Christoph Henkelmann from DIVISIO GmbH introduced us to the concept of embedding vectors. He discussed their usage as inputs for AI models and shared tips for improving classification accuracy using embeddings. Henkelmann also introduced the concept of federated AI learning, where machine learning models are trained on decentralized data while preserving privacy and security.
Pankaj Gupta from DRIMCo GmbH presented a session on OpenFLaaS, which stands for Federated Cloud-Edge AI Rooms for Industrial Knowledge Digitalization. He discussed the challenges faced in implementing AI in German companies due to data privacy regulations. Gupta explained the concept of federated AI learning and its applications in various industries such as healthcare, IoT, manufacturing, and FinTech.
Natalia Ziemba-Jankowska concluded the conference with a session on using audio features to train algorithms.

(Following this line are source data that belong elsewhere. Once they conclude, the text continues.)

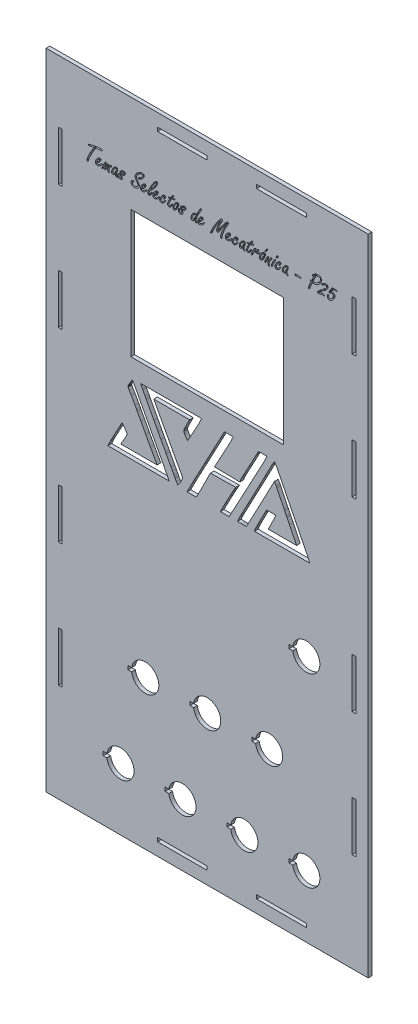
SolidWorks part; units mm, degrees
ref_plane "Alzado" through (0, 0, 0) normal (0, 0, 1) x (1, 0, 0)
ref_plane "Planta" through (0, 0, 0) normal (0, 1, 0) x (1, 0, 0)
ref_plane "Vista lateral" through (0, 0, 0) normal (1, 0, 0) x (0, 0, -1)
sketch "Croquis1" plane through (0, 0, 0) normal (0, 0, 1) x (1, 0, 0)
  line L1 (-130, 260) -> (130, 260)
  line L2 (-130, 260) -> (-130, -260)
  line L3 (-130, -260) -> (130, -260)
  line L4 (130, 260) -> (130, -260)
  line L5 (-130, 260) -> (130, -260) construction
  line L6 (-130, -260) -> (130, 260) construction
  point P0 (0, 0)
  dimension "D1" = 260
  dimension "D2" = 520
extrude "Saliente-Extruir1" add sketch "Croquis1" along normal blind 3
sketch "Croquis2" plane through (0, 0, 3) normal (0, 0, 1) x (1, 0, 0)
  line L4 (-117, -40.25) -> (-120, -40.25)
  line L5 (-117, -80.25) -> (-117, -40.25)
  line L6 (-120, -80.25) -> (-117, -80.25)
  line L7 (-120, -40.25) -> (-120, -80.25)
  line L8 (-117, -40.25) -> (-120, -40.25)
  line L9 (-117, -80.25) -> (-117, -40.25)
  line L10 (-120, -80.25) -> (-117, -80.25)
  line L11 (-120, -40.25) -> (-120, -80.25)
  line L12 (-117, 109.75) -> (-120, 109.75)
  line L13 (-117, 69.75) -> (-117, 109.75)
  line L14 (-120, 69.75) -> (-117, 69.75)
  line L15 (-120, 109.75) -> (-120, 69.75)
  line L16 (-117, 109.75) -> (-120, 109.75)
  line L17 (-117, 69.75) -> (-117, 109.75)
  line L18 (-120, 69.75) -> (-117, 69.75)
  line L19 (-120, 109.75) -> (-120, 69.75)
  line L20 (-117, 209.75) -> (-120, 209.75)
  line L21 (-117, 169.75) -> (-117, 209.75)
  line L22 (-120, 169.75) -> (-117, 169.75)
  line L23 (-120, 209.75) -> (-120, 169.75)
  line L24 (-117, 209.75) -> (-120, 209.75)
  line L25 (-117, 169.75) -> (-117, 209.75)
  line L26 (-120, 169.75) -> (-117, 169.75)
  line L27 (-120, 209.75) -> (-120, 169.75)
  line L28 (0, 249.75) -> (-40, 249.75)
  line L29 (0, 246.75) -> (0, 249.75)
  line L30 (-40, 246.75) -> (0, 246.75)
  line L31 (-40, 249.75) -> (-40, 246.75)
  line L32 (0, 249.75) -> (-40, 249.75)
  line L33 (0, 246.75) -> (0, 249.75)
  line L34 (-40, 246.75) -> (0, 246.75)
  line L35 (-40, 249.75) -> (-40, 246.75)
  line L36 (-117, -140.25) -> (-120, -140.25)
  line L37 (-117, -180.25) -> (-117, -140.25)
  line L38 (-120, -180.25) -> (-117, -180.25)
  line L39 (-120, -140.25) -> (-120, -180.25)
  line L40 (-117, -140.25) -> (-120, -140.25)
  line L41 (-117, -180.25) -> (-117, -140.25)
  line L42 (-120, -180.25) -> (-117, -180.25)
  line L43 (-120, -140.25) -> (-120, -180.25)
  line L44 (117, -140.25) -> (117, -180.25)
  line L45 (117, -180.25) -> (120, -180.25)
  line L46 (120, -180.25) -> (120, -140.25)
  line L47 (120, -140.25) -> (117, -140.25)
  line L48 (117, -140.25) -> (117, -180.25)
  line L49 (117, -180.25) -> (120, -180.25)
  line L50 (120, -180.25) -> (120, -140.25)
  line L51 (120, -140.25) -> (117, -140.25)
  line L52 (80, 249.75) -> (40, 249.75)
  line L53 (40, 249.75) -> (40, 246.75)
  line L54 (40, 246.75) -> (80, 246.75)
  line L55 (80, 246.75) -> (80, 249.75)
  line L56 (80, 249.75) -> (40, 249.75)
  line L57 (40, 249.75) -> (40, 246.75)
  line L58 (40, 246.75) -> (80, 246.75)
  line L59 (80, 246.75) -> (80, 249.75)
  line L60 (80, -249.75) -> (80, -246.75)
  line L61 (80, -246.75) -> (40, -246.75)
  line L62 (40, -246.75) -> (40, -249.75)
  line L63 (40, -249.75) -> (80, -249.75)
  line L64 (80, -249.75) -> (80, -246.75)
  line L65 (80, -246.75) -> (40, -246.75)
  line L66 (40, -246.75) -> (40, -249.75)
  line L67 (40, -249.75) -> (80, -249.75)
  line L68 (117, 209.75) -> (117, 169.75)
  line L69 (117, 169.75) -> (120, 169.75)
  line L70 (120, 169.75) -> (120, 209.75)
  line L71 (120, 209.75) -> (117, 209.75)
  line L72 (117, 209.75) -> (117, 169.75)
  line L73 (117, 169.75) -> (120, 169.75)
  line L74 (120, 169.75) -> (120, 209.75)
  line L75 (120, 209.75) -> (117, 209.75)
  line L76 (117, 109.75) -> (117, 69.75)
  line L77 (117, 69.75) -> (120, 69.75)
  line L78 (120, 69.75) -> (120, 109.75)
  line L79 (120, 109.75) -> (117, 109.75)
  line L80 (117, 109.75) -> (117, 69.75)
  line L81 (117, 69.75) -> (120, 69.75)
  line L82 (120, 69.75) -> (120, 109.75)
  line L83 (120, 109.75) -> (117, 109.75)
  line L84 (117, -40.25) -> (117, -80.25)
  line L85 (117, -80.25) -> (120, -80.25)
  line L86 (120, -80.25) -> (120, -40.25)
  line L87 (120, -40.25) -> (117, -40.25)
  line L88 (117, -40.25) -> (117, -80.25)
  line L89 (117, -80.25) -> (120, -80.25)
  line L90 (120, -80.25) -> (120, -40.25)
  line L91 (120, -40.25) -> (117, -40.25)
  line L92 (0, -249.75) -> (0, -246.75)
  line L93 (0, -246.75) -> (-40, -246.75)
  line L94 (-40, -246.75) -> (-40, -249.75)
  line L95 (-40, -249.75) -> (0, -249.75)
  line L96 (0, -249.75) -> (0, -246.75)
  line L97 (0, -246.75) -> (-40, -246.75)
  line L98 (-40, -246.75) -> (-40, -249.75)
  line L99 (-40, -249.75) -> (0, -249.75)
  dimension "D1" = 0
  dimension "D2" = 0
  dimension "D3" = 0
  dimension "D4" = 0
  dimension "D5" = 0
  dimension "D6" = 0
  dimension "D7" = 0
  dimension "D8" = 0
  dimension "D9" = 0
  dimension "D10" = 0
  dimension "D11" = 0
  dimension "D12" = 0
extrude "Cortar-Extruir1" cut sketch "Croquis2" against normal blind 10
sketch "Croquis3" plane through (0, 0, 3) normal (0, 0, 1) x (1, 0, 0)
  line L0 (130, -260) -> (130, 260) construction
  line L1 (-61.5, 181.5) -> (61.5, 181.5)
  line L2 (-61.5, 181.5) -> (-61.5, 78.5)
  line L3 (-61.5, 78.5) -> (61.5, 78.5)
  line L4 (61.5, 181.5) -> (61.5, 78.5)
  line L5 (-61.5, 181.5) -> (61.5, 78.5) construction
  line L6 (-61.5, 78.5) -> (61.5, 181.5) construction
  line L7 (-130, -260) -> (130, -260) construction
  line L8 (66.1028, -208.5) -> (69.1028, -208.5)
  line L9 (66.1028, -208.5) -> (66.1028, -211.5)
  line L10 (66.1028, -211.5) -> (69.1028, -211.5)
  line L11 (16.1028, -208.5) -> (19.1028, -208.5)
  line L12 (16.1028, -208.5) -> (16.1028, -211.5)
  line L13 (16.1028, -211.5) -> (19.1028, -211.5)
  line L14 (-33.8972, -208.5) -> (-30.8972, -208.5)
  line L15 (-33.8972, -208.5) -> (-33.8972, -211.5)
  line L16 (-33.8972, -211.5) -> (-30.8972, -211.5)
  line L23 (69.1028, -211.5) -> (19.1028, -211.5) construction
  line L24 (36.1028, -138.5) -> (39.1028, -138.5)
  line L25 (36.1028, -138.5) -> (36.1028, -141.5)
  line L26 (36.1028, -141.5) -> (39.1028, -141.5)
  line L27 (-13.8972, -138.5) -> (-10.8972, -138.5)
  line L28 (-13.8972, -141.5) -> (-10.8972, -141.5)
  line L29 (-13.8972, -138.5) -> (-13.8972, -141.5)
  line L33 (36.1028, -138.5) -> (-13.8972, -138.5) construction
  line L34 (-83.8972, -208.5) -> (-80.8972, -208.5)
  line L35 (0, -260) -> (0, -84.2648) construction
  line L36 (-83.8972, -208.5) -> (-80.8972, -208.5) [skipped]
  line L37 (-83.8972, -211.5) -> (-80.8972, -211.5) [skipped]
  line L38 (-83.8972, -208.5) -> (-83.8972, -211.5) [skipped]
  line L39 (-133.8972, -208.5) -> (-130.8972, -208.5) [skipped]
  line L40 (-133.8972, -211.5) -> (-130.8972, -211.5) [skipped]
  line L41 (-133.8972, -208.5) -> (-133.8972, -211.5) [skipped]
  line L42 (-83.8972, -211.5) -> (-80.8972, -211.5)
  line L43 (-63.8972, -138.5) -> (-60.8972, -138.5) [skipped]
  line L44 (-63.8972, -141.5) -> (-60.8972, -141.5) [skipped]
  line L45 (-63.8972, -138.5) -> (-63.8972, -141.5) [skipped]
  line L46 (-83.8972, -208.5) -> (-83.8972, -211.5)
  line L47 (-33.8972, -208.5) -> (-83.8972, -208.5) construction
  line L48 (-63.8972, -138.5) -> (-60.8972, -138.5)
  line L49 (-63.8972, -141.5) -> (-60.8972, -141.5)
  line L50 (-63.8972, -138.5) -> (-63.8972, -141.5)
  line L51 (-13.8972, -138.5) -> (-63.8972, -138.5) construction
  line L52 (66.1028, -58.75) -> (69.1028, -58.75)
  line L53 (66.1028, -58.75) -> (66.1028, -61.75)
  line L54 (66.1028, -61.75) -> (69.1028, -61.75)
  line L55 (117, -40.25) -> (117, -80.25) construction
  line L56 (-98.5917, 197.9337) -> (98.5917, 197.9337) construction
  line L57 (0, 181.5) -> (0, 197.9337) construction
  arc A0 (69.1028, -211.5) -> (69.1028, -208.5) centre (80, -210) ccw
  arc A2 (19.1028, -211.5) -> (19.1028, -208.5) centre (30, -210) ccw
  arc A3 (-30.8972, -211.5) -> (-30.8972, -208.5) centre (-20, -210) ccw
  arc A6 (39.1028, -141.5) -> (39.1028, -138.5) centre (50, -140) ccw
  arc A7 (-10.8972, -141.5) -> (-10.8972, -138.5) centre (0, -140) ccw
  arc A9 (-80.8972, -211.5) -> (-80.8972, -208.5) centre (-70, -210) ccw [skipped]
  arc A10 (-130.8972, -211.5) -> (-130.8972, -208.5) centre (-120, -210) ccw [skipped]
  arc A11 (-60.8972, -141.5) -> (-60.8972, -138.5) centre (-50, -140) ccw [skipped]
  arc A12 (-80.8972, -211.5) -> (-80.8972, -208.5) centre (-70, -210) ccw
  arc A13 (-60.8972, -141.5) -> (-60.8972, -138.5) centre (-50, -140) ccw
  arc A14 (69.1028, -61.75) -> (69.1028, -58.75) centre (80, -60.25) ccw
  text T0 "Temas Selectos de Mecatrónica - P25" font "Freestyle Script" height 13
  point P0 (0, 130)
  point P87 (-98.5917, 197.9337)
  point P90 (117, -60.25)
  dimension "D4" = 22
  dimension "D12" = 11
  dimension "D23" = 11
  dimension "D1" = 123
  dimension "D2" = 103
  dimension "D3" = 130
  dimension "D5" = 50
  dimension "D6" = 50
  dimension "D7" = 3
  dimension "D8" = 3
  dimension "D9" = 3
  dimension "D11" = 50
  dimension "D13" = 3
  dimension "D14" = 3
  dimension "D15" = 3
  dimension "D16" = 120
  dimension "D18" = 50
  dimension "D20" = 50
  dimension "D22" = 50
  dimension "D24" = 3
  dimension "D25" = 3
  dimension "D26" = 3
  dimension "D27" = 50
  dimension "D28" = 0
  dimension "D10" = 5
  dimension "D17" = 3
  dimension "D19" = 2
  dimension "D21" = 2
extrude "Cortar-Extruir2" cut sketch "Croquis3" against normal blind 3
sketch "Croquis6" plane through (0, 0, 3) normal (0, 0, 1) x (1, 0, 0)
  line L228 (54.3433, 63.1689) -> (55.5235, 61.4472)
  line L229 (55.5235, 61.4472) -> (56.5036, 59.6034)
  line L230 (56.5036, 59.6034) -> (56.8423, 58.9285)
  line L231 (56.8423, 58.9285) -> (57.959, 56.6912)
  line L232 (57.959, 56.6912) -> (58.7623, 55.0866)
  line L233 (58.7623, 55.0866) -> (60.9386, 50.7297)
  line L234 (60.9386, 50.7297) -> (63.2158, 46.1729)
  line L235 (63.2158, 46.1729) -> (67.0376, 38.5215)
  line L236 (67.0376, 38.5215) -> (71.46, 29.67)
  line L237 (71.46, 29.67) -> (75.7126, 21.1604)
  line L238 (75.7126, 21.1604) -> (77.5237, 17.5362)
  line L239 (77.5237, 17.5362) -> (79.6535, 13.2709)
  line L240 (79.6535, 13.2709) -> (80.4366, 11.7035)
  line L241 (80.4366, 11.7035) -> (81.5021, 9.5683)
  line L242 (81.5021, 9.5683) -> (81.818, 8.9381)
  line L243 (81.818, 8.9381) -> (82.9051, 6.3814)
  line L244 (82.9051, 6.3814) -> (38.2144, 6.3814)
  line L245 (38.2144, 6.3814) -> (38.7888, 8.1493)
  line L246 (38.7888, 8.1493) -> (39.5676, 9.8375)
  line L247 (39.5676, 9.8375) -> (39.8779, 10.4579)
  line L248 (39.8779, 10.4579) -> (40.8815, 12.4508)
  line L249 (40.8815, 12.4508) -> (41.5703, 13.8218)
  line L250 (41.5703, 13.8218) -> (46.608, 23.5355)
  line L251 (46.608, 23.5355) -> (47.9589, 26.2066)
  line L252 (47.9589, 26.2066) -> (55.3514, 26.2066)
  line L253 (55.3514, 26.2066) -> (54.4794, 23.8834)
  line L254 (54.4794, 23.8834) -> (53.4377, 21.6415)
  line L255 (53.4377, 21.6415) -> (53.1194, 21.0071)
  line L256 (53.1194, 21.0071) -> (51.9492, 18.6882)
  line L257 (51.9492, 18.6882) -> (49.303, 13.4379)
  line L258 (49.303, 13.4379) -> (72.1524, 13.4379)
  line L259 (72.1524, 13.4379) -> (66.4621, 25.1611)
  line L260 (66.4621, 25.1611) -> (64.4279, 29.2111)
  line L261 (64.4279, 29.2111) -> (63.9894, 30.0855)
  line L262 (63.9894, 30.0855) -> (62.6388, 32.78)
  line L263 (62.6388, 32.78) -> (62.1699, 33.7159)
  line L264 (62.1699, 33.7159) -> (56.3958, 45.5332)
  line L265 (56.3958, 45.5332) -> (56.0103, 46.3534)
  line L266 (56.0103, 46.3534) -> (55.6932, 47.0357)
  line L267 (55.6932, 47.0357) -> (54.3433, 49.3921)
  line L268 (54.3433, 49.3921) -> (53.8829, 48.4915)
  line L269 (53.8829, 48.4915) -> (46.0738, 33.6153)
  line L270 (46.0738, 33.6153) -> (42.2466, 26.3747)
  line L271 (42.2466, 26.3747) -> (37.3483, 17.1719)
  line L272 (37.3483, 17.1719) -> (33.0879, 9.1185)
  line L273 (33.0879, 9.1185) -> (32.6031, 8.181)
  line L274 (32.6031, 8.181) -> (32.1743, 7.3477)
  line L275 (32.1743, 7.3477) -> (31.4939, 6.3814)
  line L276 (31.4939, 6.3814) -> (29.9175, 6.3486)
  line L277 (29.9175, 6.3486) -> (28.9561, 6.3519)
  line L278 (28.9561, 6.3519) -> (27.9447, 6.3604)
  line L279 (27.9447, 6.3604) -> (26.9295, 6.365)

She demonstrated various techniques for sound augmentation, such as time masking, frequency masking, and time warping, and shared Jupyter notebooks available on her GitHub repository for further exploration.
Attending the MLCon conference in Berlin was an incredibly enriching experience. It provided me with valuable insights into the world of machine learning and AI. The sessions and workshops I’ve described in this article are just a selection of the many interesting topics covered at the conference. I would highly recommend checking out the MLCon website agenda for 2023 to explore the full range of sessions and workshops that were available. Also, I deeply encourage all of you to consider attending on your own and grabbing Early Bird tickets for 2024 as soon as those are available!
Let me also acknowledge and express my appreciation for my colleague, Ida Rose Nielsen, from Arla Foods, who attended the conference with me. Our collaboration and discussions throughout the event added another layer of learning and made the experience even more enjoyable.
Additionally, I want to take a moment to appreciate the city of Berlin. Not only did we have the opportunity to gain knowledge and insights at the conference, but we also had the chance to explore the city, indulge in delicious food, and even participate in the Christmas Market on Alexanderplatz. Berlin truly has a unique vibe, and I felt like a Berliner while savoring pretzels and immersing myself in the local culture.
In conclusion, MLCon provided an exceptional platform for learning, networking, and staying up-to-date with the latest trends in the field of machine learning and AI. I am grateful for the opportunity to attend this conference and look forward to applying the knowledge and insights gained to my work at Arla Foods.